───── STUDY MATERIAL
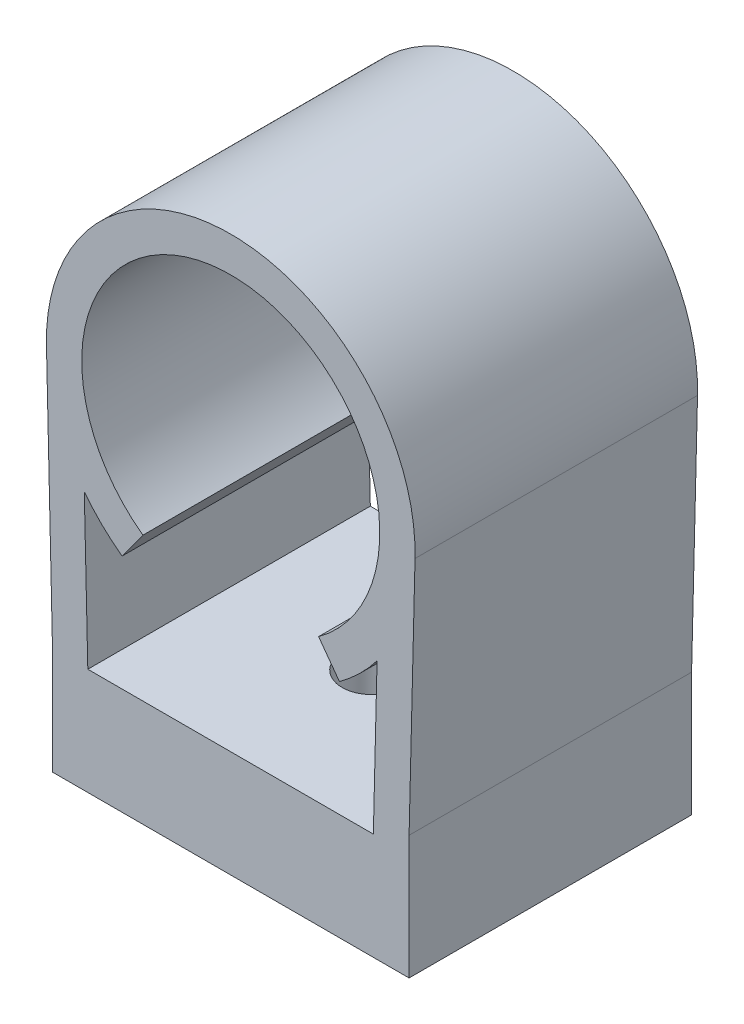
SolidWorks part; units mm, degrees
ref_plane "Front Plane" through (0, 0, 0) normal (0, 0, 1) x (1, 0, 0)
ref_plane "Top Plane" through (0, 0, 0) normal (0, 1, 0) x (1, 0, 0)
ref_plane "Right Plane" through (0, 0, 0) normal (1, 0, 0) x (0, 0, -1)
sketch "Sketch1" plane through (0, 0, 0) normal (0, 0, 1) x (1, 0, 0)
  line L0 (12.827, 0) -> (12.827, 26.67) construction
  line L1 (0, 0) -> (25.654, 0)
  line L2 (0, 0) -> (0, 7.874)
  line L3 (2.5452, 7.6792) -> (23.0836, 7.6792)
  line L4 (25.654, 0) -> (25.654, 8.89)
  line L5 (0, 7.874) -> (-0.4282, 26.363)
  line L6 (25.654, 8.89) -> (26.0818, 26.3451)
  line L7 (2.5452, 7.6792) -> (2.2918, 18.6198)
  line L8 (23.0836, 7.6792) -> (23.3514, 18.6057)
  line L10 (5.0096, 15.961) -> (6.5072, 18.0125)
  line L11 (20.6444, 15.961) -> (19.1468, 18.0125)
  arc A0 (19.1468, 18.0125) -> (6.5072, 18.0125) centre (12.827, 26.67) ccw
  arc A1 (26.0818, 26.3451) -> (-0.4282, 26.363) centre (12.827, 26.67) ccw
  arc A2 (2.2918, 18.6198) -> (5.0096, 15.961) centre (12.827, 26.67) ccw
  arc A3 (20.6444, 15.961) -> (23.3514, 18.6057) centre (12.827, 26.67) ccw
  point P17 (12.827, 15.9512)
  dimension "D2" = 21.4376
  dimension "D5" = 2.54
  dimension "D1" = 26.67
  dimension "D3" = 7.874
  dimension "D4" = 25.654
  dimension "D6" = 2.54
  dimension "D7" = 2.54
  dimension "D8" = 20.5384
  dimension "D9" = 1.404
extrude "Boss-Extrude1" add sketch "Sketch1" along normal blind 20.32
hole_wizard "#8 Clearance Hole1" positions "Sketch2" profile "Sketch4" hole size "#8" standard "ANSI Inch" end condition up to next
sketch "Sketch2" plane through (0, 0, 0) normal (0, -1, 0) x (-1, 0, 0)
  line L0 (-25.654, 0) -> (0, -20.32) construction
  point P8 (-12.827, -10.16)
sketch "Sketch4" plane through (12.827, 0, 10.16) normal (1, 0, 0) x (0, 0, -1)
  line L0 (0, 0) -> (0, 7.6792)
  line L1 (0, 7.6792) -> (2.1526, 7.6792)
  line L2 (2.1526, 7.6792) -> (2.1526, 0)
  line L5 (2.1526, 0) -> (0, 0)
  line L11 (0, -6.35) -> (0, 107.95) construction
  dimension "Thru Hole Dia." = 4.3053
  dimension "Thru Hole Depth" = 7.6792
──────────
ASSIGNMENT
Quote only the lines from the line containing "(12.827, 0, 10.16)" through the end of the entries, keeping the first and the last.

OUTPUT FOR THIS EXERCISE
sketch "Sketch4" plane through (12.827, 0, 10.16) normal (1, 0, 0) x (0, 0, -1)
  line L0 (0, 0) -> (0, 7.6792)
  line L1 (0, 7.6792) -> (2.1526, 7.6792)
  line L2 (2.1526, 7.6792) -> (2.1526, 0)
  line L5 (2.1526, 0) -> (0, 0)
  line L11 (0, -6.35) -> (0, 107.95) construction
  dimension "Thru Hole Dia." = 4.3053
  dimension "Thru Hole Depth" = 7.6792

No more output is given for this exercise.